Houtens this weekend. There will without doubt be Boiga there, mangroves included.


----------



## Razorscale (Feb 22, 2010)

I know a guy that is going to Houten that has a pair for sale, he will be in the venomous room, if you want to get in contact with him PM me.


----------



## emmilllyyy (Oct 9, 2010)

sadly im not going to Houten


----------



## mikeyb (May 8, 2011)

You do realise how nutty boiga are and there literally hook only to me there more physco than anny adder ive ever seen and id rather free handle one of them. FWC seem alot more chilled and reluctant to bite that said if u want something completely nuts Ptyas Carinatus is wat im after currently


----------



## emmilllyyy (Oct 9, 2010)

yeah i do realise that, and the potential damage they can inflict but thats what makes them even better for me, theyve got the amazing markings and intimidating look with the personality to match. Ive been speaking to an experienced keeper though so im all sorted now, big thanks to him if hes reading this!


----------



## mikeyb (May 8, 2011)

if u want something big and aggressive Ptyas Carinatus there about twice size of boiga and make boiga look like puppy dogs probably the most borderline non DWA in my eyes but i want one love the fact they never back down and have been known to chase keepers lol


----------



## emmilllyyy (Oct 9, 2010)

nah, its not about how aggressive they are or how big they are, its just something about dendrophila i love, always have always will, it put me off abit when i found out they were rear fanged but i still love them!

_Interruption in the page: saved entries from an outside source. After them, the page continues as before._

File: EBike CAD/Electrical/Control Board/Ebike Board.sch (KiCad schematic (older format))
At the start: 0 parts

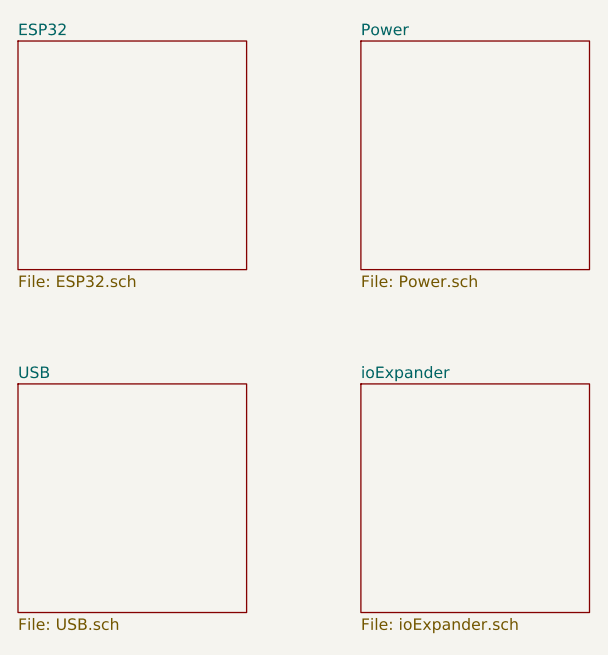
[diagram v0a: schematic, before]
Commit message: -Software ported to new ESP32 board -Added OTA updates -Added bluetooth serial debug -Added IOexpander -Added headlight functionality
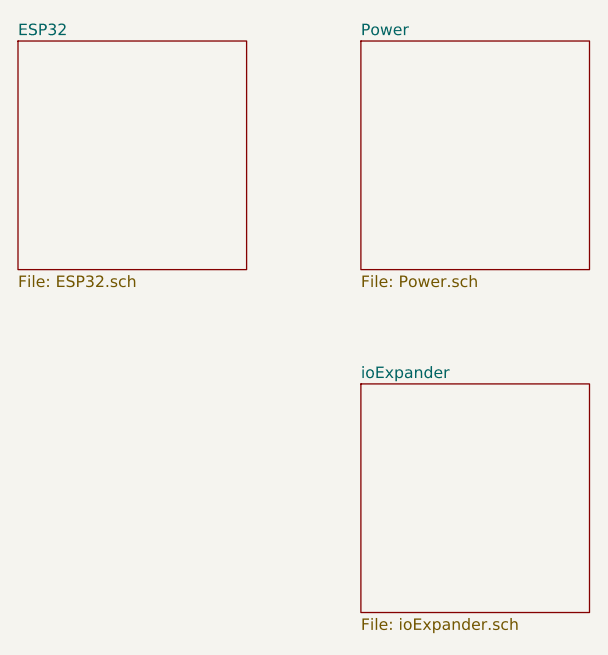
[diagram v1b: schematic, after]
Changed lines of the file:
@@
 $Descr A4 11693 8268
 encoding utf-8
-Sheet 1 5
+Sheet 1 4
 Title ""
 Date ""
@@
 $EndSheet
 $Sheet
-S 1500 2500 1000 1000
-U 5E5F97D9
-F0 "USB" 50
-F1 "USB.sch" 50
-$EndSheet
-$Sheet

if youre looking for a carinatus speak to dan on here, he use to be reticulatus. apparently he has something to do with them im not too sure, looked it up on another thread
Ratsnake Foundation
http://ratsnakefoundation.org/old_forum/userinfo.php?uid=45


----------



## mikeyb (May 8, 2011)

i think im pretty much in it for the long hall to find a Ptyas Carinatus though there rare as rocking horse shite


----------



## emmilllyyy (Oct 9, 2010)

yeah, speak to dan, hes involved with them i think, not too sure i saw it on another thread


----------